What you have to do: Word for word, return the lines from the start of the entries below through the line that has "A Seeed XIAO".

──────── Extracted data ────────

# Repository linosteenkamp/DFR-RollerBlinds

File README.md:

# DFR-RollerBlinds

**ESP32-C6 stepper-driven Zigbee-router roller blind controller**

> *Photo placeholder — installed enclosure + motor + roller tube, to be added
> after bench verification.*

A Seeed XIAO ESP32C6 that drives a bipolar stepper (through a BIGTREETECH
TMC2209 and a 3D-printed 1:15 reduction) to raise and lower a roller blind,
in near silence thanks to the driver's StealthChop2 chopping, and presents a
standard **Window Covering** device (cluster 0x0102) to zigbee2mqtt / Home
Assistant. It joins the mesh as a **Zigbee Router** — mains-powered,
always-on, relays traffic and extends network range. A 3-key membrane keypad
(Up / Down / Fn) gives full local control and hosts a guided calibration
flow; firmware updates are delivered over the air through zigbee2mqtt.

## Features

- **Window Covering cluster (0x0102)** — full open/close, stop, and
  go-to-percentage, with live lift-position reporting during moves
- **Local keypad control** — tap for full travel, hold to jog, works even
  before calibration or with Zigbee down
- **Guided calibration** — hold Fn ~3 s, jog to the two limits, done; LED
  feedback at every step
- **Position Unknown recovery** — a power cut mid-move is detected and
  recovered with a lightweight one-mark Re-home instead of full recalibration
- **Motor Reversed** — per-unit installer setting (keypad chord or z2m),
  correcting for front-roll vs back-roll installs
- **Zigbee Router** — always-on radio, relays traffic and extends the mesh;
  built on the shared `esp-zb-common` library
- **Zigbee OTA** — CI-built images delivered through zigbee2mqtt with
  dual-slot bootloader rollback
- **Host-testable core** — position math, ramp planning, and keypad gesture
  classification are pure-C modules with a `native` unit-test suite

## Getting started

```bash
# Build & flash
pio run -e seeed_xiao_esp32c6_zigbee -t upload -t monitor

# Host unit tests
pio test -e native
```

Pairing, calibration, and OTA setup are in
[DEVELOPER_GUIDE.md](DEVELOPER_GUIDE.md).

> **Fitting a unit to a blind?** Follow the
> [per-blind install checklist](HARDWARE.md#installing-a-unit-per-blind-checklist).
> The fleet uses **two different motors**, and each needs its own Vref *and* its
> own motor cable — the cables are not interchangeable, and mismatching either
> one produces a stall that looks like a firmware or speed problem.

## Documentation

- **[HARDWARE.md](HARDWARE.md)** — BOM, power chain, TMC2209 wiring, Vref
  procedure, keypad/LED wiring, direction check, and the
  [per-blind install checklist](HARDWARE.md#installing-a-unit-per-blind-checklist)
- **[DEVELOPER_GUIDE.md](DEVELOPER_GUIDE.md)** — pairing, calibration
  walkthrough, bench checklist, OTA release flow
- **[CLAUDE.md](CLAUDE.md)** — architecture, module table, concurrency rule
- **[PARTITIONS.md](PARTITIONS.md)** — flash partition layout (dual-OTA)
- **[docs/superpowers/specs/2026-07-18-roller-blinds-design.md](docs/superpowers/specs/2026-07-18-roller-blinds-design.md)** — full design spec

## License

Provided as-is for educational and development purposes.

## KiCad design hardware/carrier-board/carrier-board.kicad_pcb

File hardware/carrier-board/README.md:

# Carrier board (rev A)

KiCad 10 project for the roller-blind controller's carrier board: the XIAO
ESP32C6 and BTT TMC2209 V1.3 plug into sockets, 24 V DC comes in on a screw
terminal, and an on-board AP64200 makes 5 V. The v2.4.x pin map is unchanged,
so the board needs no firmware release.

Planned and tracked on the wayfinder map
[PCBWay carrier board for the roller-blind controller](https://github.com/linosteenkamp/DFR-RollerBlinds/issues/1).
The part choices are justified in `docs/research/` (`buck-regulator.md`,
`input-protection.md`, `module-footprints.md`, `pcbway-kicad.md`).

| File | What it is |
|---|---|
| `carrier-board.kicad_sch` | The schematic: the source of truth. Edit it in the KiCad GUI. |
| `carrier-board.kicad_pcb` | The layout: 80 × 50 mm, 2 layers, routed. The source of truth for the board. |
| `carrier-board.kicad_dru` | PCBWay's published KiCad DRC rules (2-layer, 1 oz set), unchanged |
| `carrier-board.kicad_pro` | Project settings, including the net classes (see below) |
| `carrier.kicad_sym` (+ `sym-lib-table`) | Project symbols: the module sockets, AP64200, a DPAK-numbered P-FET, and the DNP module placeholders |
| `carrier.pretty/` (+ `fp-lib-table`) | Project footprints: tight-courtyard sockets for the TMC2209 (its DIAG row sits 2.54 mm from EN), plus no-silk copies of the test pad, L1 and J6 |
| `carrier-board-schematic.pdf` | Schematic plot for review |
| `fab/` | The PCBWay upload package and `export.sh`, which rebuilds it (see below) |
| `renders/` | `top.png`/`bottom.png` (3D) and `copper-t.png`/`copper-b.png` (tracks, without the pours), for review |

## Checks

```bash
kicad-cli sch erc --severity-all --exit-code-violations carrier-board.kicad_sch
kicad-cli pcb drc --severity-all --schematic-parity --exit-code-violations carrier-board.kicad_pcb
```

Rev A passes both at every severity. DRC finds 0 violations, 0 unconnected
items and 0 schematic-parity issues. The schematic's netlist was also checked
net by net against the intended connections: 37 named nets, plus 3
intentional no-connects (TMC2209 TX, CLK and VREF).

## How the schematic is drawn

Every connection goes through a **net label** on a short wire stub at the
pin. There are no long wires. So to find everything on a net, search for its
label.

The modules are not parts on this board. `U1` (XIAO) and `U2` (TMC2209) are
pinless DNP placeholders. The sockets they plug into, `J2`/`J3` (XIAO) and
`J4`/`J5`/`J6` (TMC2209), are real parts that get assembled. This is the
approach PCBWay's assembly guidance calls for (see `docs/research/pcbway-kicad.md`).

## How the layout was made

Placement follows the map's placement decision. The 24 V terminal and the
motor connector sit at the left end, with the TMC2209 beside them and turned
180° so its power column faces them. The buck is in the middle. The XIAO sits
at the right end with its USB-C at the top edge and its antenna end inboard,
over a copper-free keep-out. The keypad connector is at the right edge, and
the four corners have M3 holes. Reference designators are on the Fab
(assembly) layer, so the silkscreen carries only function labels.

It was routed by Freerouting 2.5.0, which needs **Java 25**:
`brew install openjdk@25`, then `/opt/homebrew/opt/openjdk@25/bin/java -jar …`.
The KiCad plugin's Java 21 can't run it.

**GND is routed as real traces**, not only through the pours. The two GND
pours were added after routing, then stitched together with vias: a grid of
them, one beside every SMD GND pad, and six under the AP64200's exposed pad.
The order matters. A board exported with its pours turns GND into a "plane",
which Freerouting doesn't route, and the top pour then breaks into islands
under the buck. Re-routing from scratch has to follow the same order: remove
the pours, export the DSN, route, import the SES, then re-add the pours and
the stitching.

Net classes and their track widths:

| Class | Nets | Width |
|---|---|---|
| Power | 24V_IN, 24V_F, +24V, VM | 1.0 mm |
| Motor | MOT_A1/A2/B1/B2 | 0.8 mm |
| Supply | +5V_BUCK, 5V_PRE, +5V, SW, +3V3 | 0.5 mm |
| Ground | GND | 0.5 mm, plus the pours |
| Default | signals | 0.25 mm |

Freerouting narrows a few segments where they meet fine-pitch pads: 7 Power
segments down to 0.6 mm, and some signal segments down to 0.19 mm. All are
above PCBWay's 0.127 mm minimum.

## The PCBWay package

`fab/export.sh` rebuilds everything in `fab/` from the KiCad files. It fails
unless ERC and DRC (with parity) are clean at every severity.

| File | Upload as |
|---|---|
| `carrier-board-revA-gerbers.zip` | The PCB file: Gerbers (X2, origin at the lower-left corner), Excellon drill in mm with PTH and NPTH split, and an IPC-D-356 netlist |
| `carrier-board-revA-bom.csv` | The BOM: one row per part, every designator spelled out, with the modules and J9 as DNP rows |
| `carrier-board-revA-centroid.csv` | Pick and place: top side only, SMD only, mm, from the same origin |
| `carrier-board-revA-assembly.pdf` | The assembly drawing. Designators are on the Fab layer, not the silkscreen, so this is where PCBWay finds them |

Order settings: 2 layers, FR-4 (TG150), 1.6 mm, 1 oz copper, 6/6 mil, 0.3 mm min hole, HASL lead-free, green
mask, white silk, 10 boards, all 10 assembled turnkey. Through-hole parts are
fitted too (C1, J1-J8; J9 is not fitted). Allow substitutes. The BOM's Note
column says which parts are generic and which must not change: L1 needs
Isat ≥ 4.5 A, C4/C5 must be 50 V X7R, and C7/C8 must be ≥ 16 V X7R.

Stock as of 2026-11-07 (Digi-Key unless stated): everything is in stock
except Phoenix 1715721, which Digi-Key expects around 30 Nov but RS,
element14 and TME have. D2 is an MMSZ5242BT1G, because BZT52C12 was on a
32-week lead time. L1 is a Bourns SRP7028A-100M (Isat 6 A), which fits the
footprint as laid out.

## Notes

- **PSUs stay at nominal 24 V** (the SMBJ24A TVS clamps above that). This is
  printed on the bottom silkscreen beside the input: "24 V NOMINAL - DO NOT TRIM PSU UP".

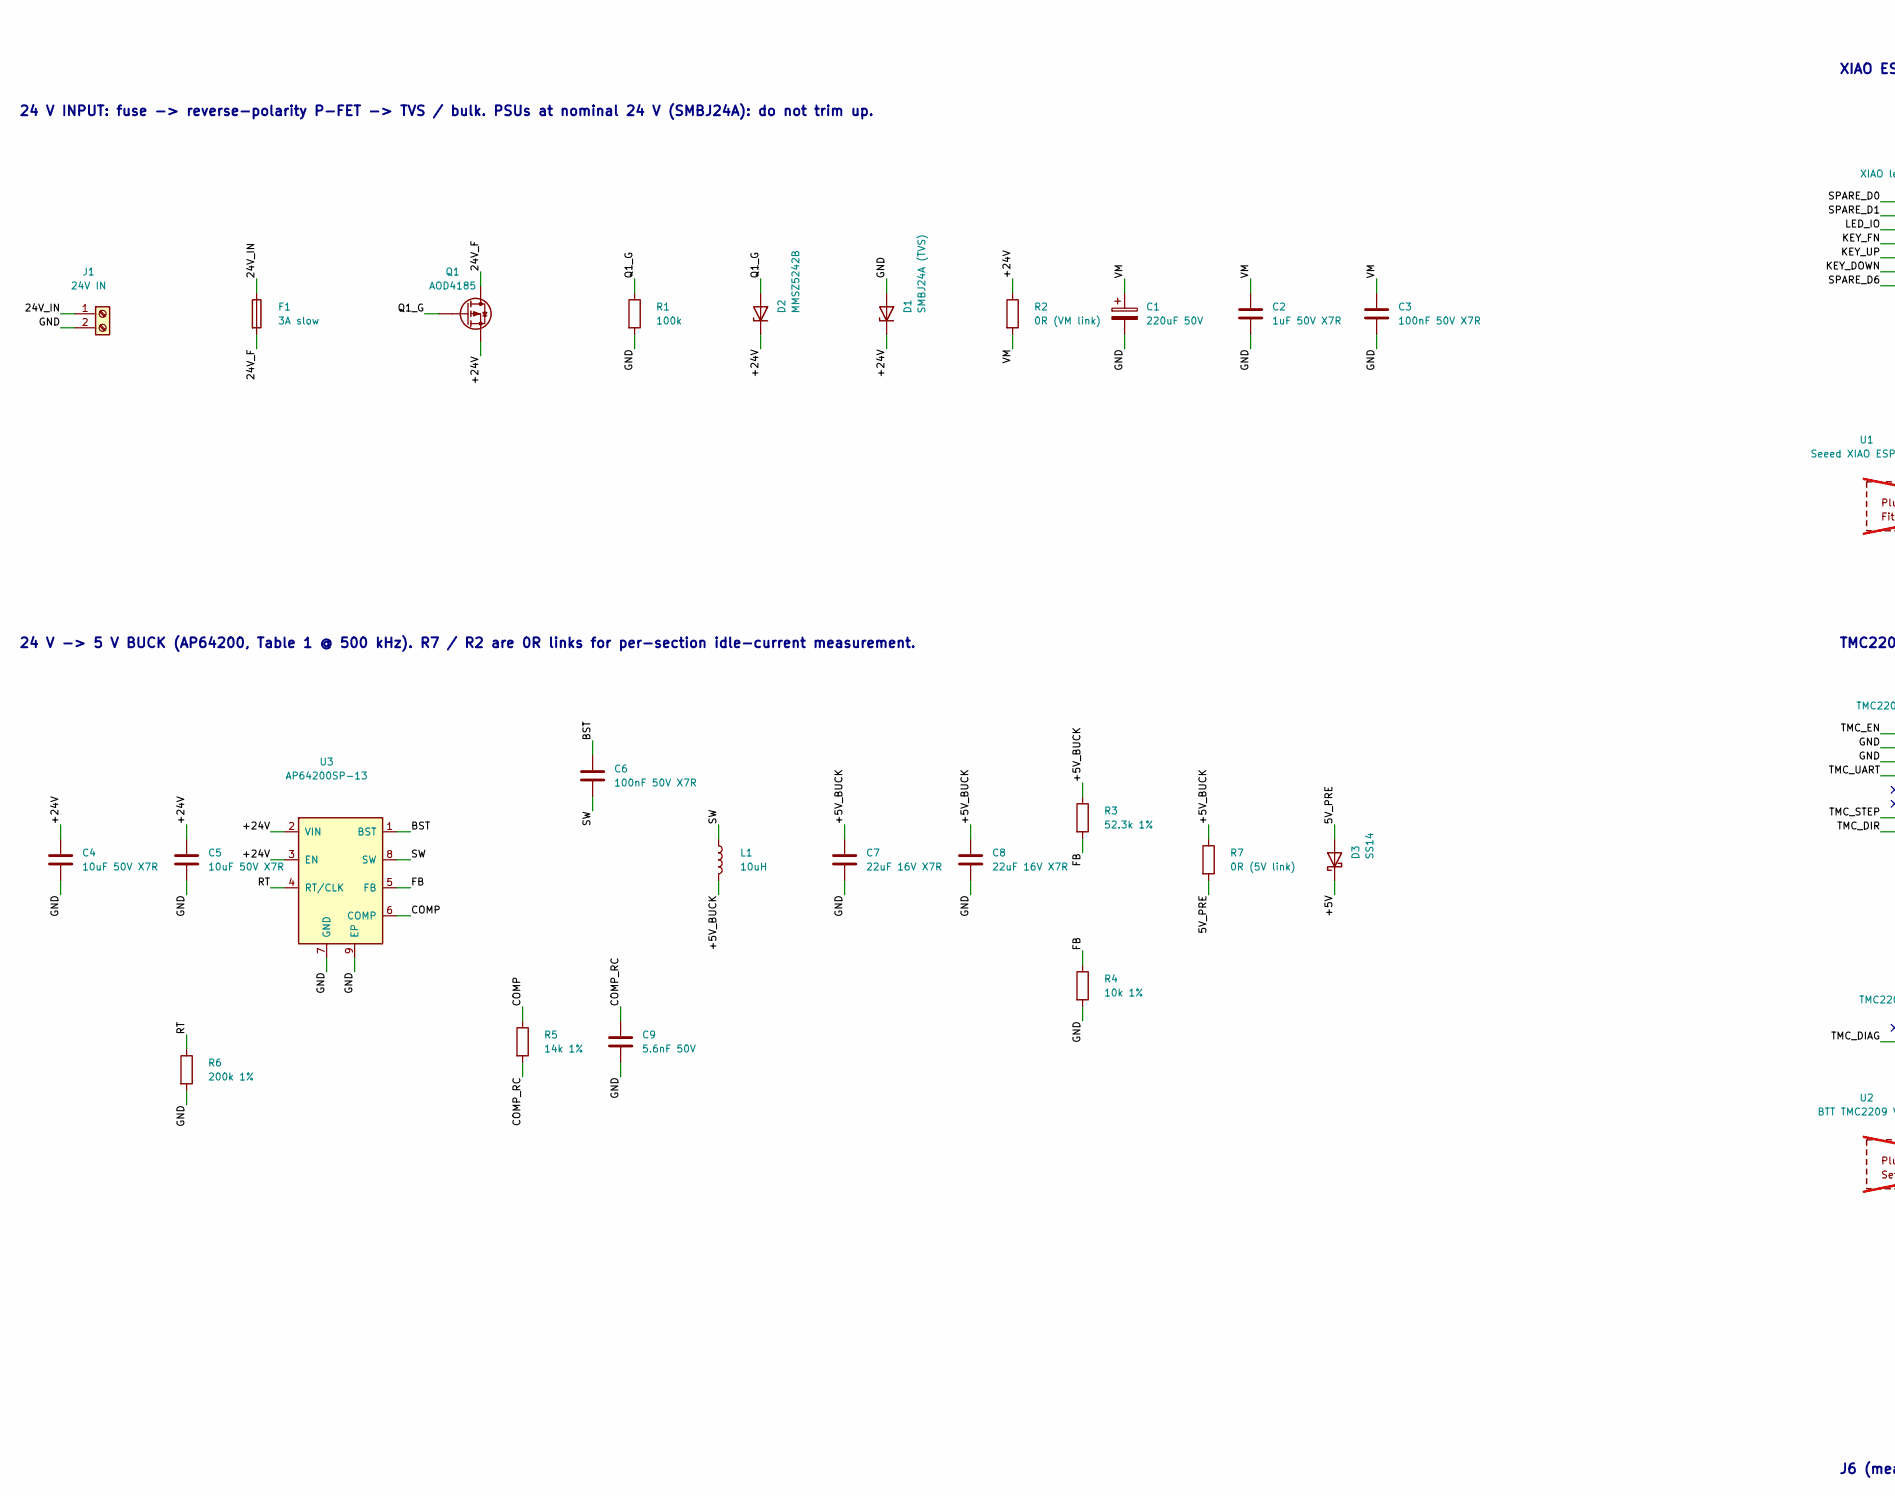
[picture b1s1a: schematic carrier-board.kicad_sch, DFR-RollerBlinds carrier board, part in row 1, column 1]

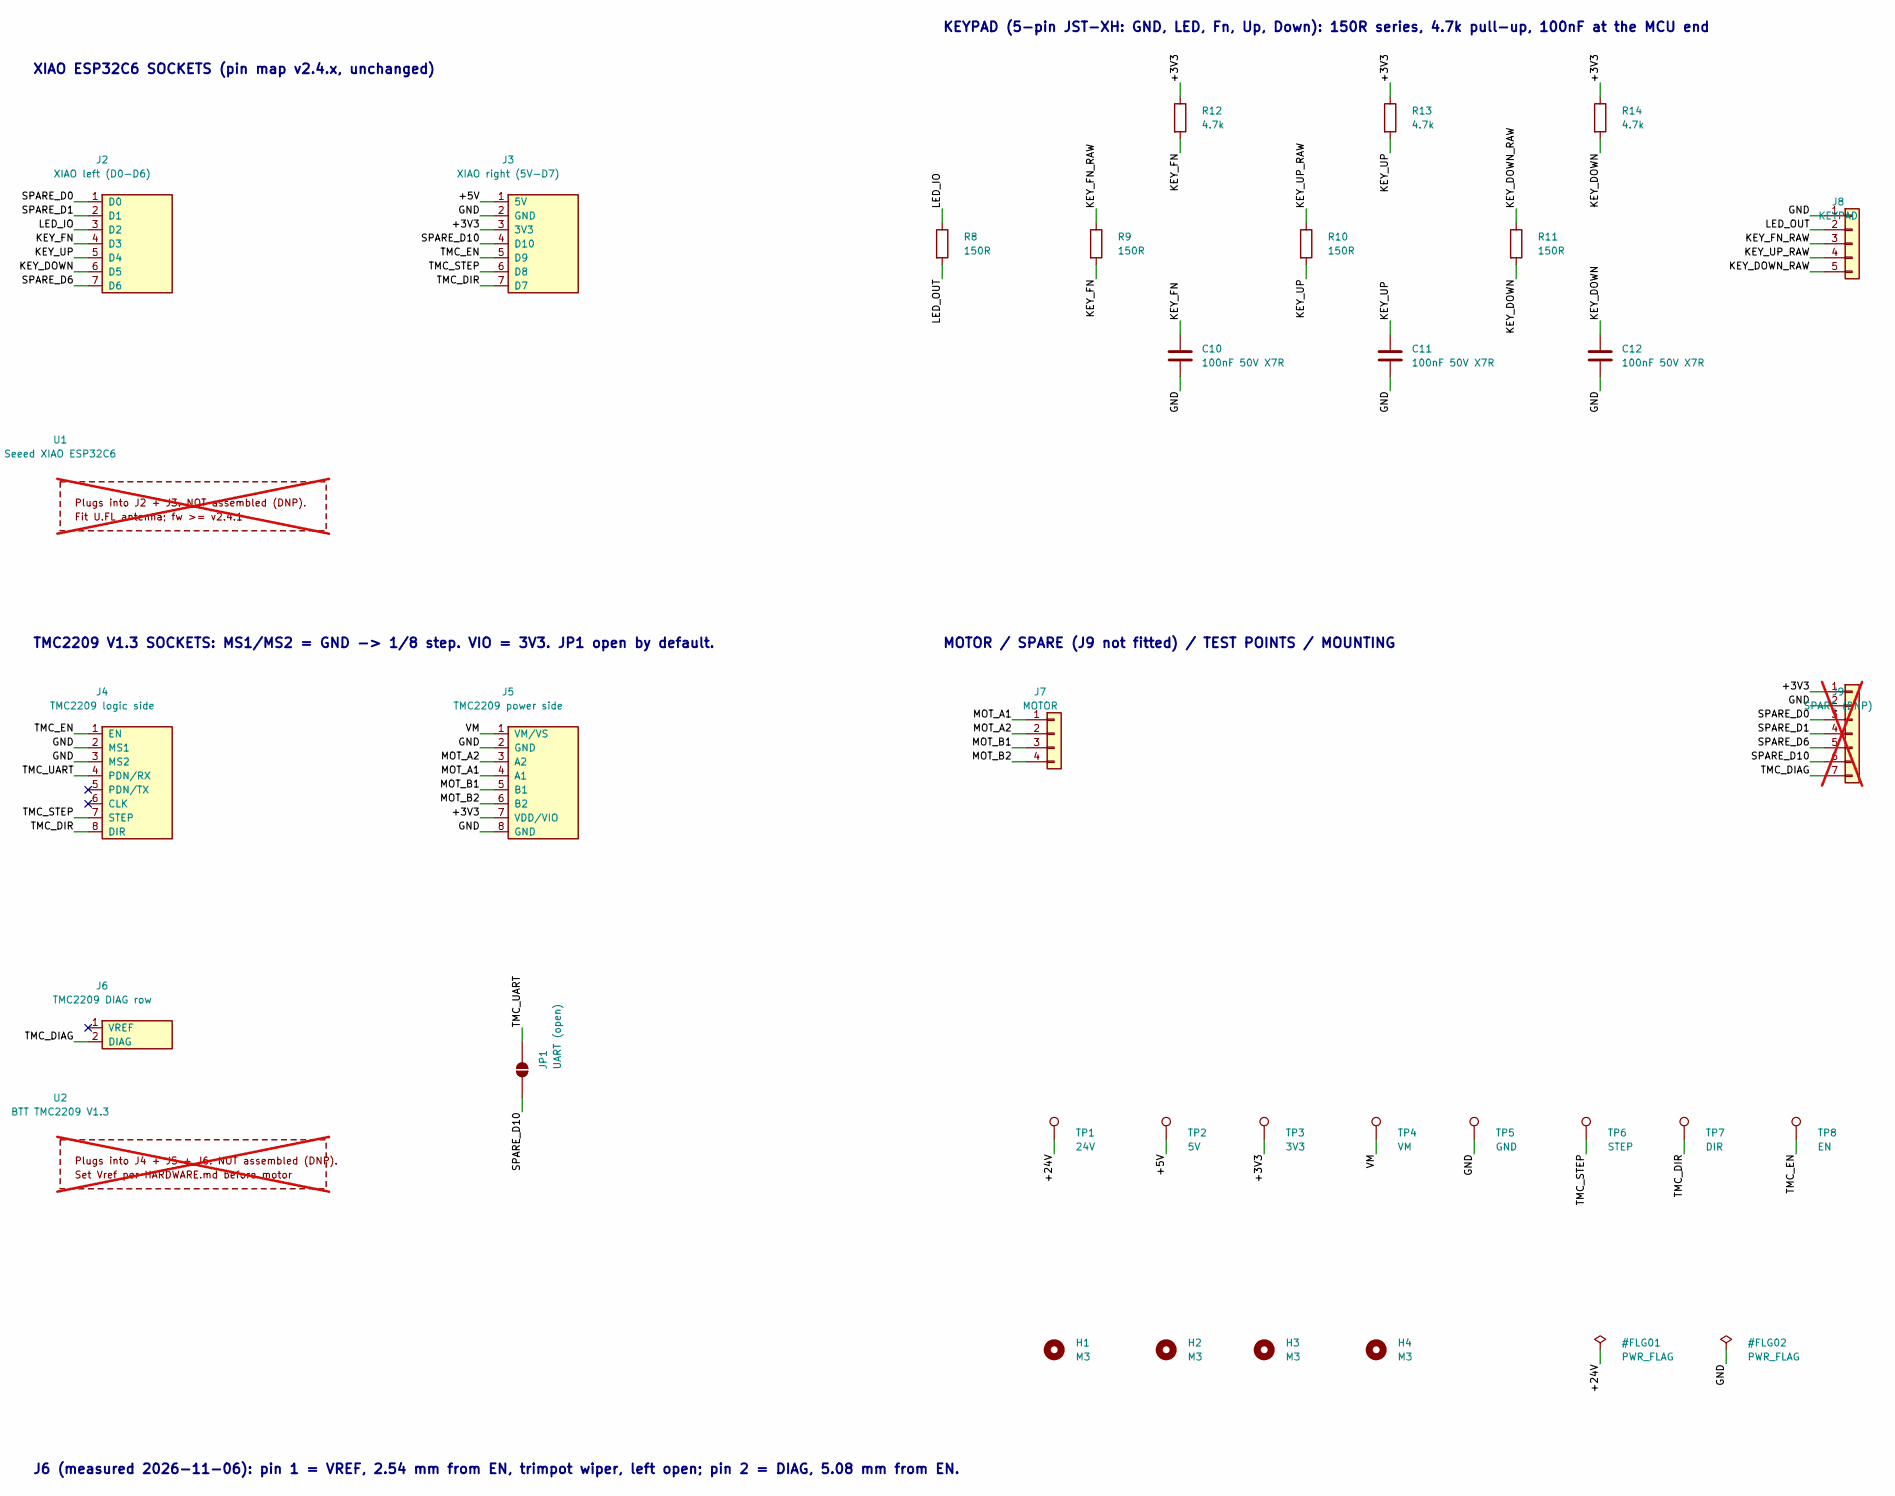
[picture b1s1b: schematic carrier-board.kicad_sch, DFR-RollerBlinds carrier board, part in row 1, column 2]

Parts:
C1: 220uF 50V; CP_Radial_D10.0mm_P5.00mm; MPN 50ZLH220MEFC10X16
C2: 1uF 50V X7R; C_0805_2012Metric
C3, C6, C10, C11, C12: 100nF 50V X7R; C_0603_1608Metric
C4, C5: 10uF 50V X7R; C_1206_3216Metric; MPN GRM31CR71H106KA12L
C7, C8: 22uF 16V X7R; C_1206_3216Metric; MPN CL31B226KOHNNNE
C9: 5.6nF 50V; C_0603_1608Metric
D1: SMBJ24A (TVS); D_SMB; MPN SMBJ24A-13-F
D2: MMSZ5242B; D_SOD-123; MPN MMSZ5242BT1G
D3: SS14; D_SMA; MPN SS14-E3/61T
F1: 3A slow; Fuse_1206_3216Metric; MPN SF-1206S300-2
H1, H2, H3, H4: M3; MountingHole_3.2mm_M3
J1: 24V IN; TerminalBlock_Phoenix_MKDS-1,5-2-5.08_1x02_P5.08mm_Horizont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; MPN 1715721
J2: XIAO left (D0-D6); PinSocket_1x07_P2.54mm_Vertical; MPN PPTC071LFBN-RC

────────

Solution:
# Repository linosteenkamp/DFR-RollerBlinds

File README.md:

# DFR-RollerBlinds

**ESP32-C6 stepper-driven Zigbee-router roller blind controller**

> *Photo placeholder — installed enclosure + motor + roller tube, to be added
> after bench verification.*

A Seeed XIAO ESP32C6 that drives a bipolar stepper (through a BIGTREETECH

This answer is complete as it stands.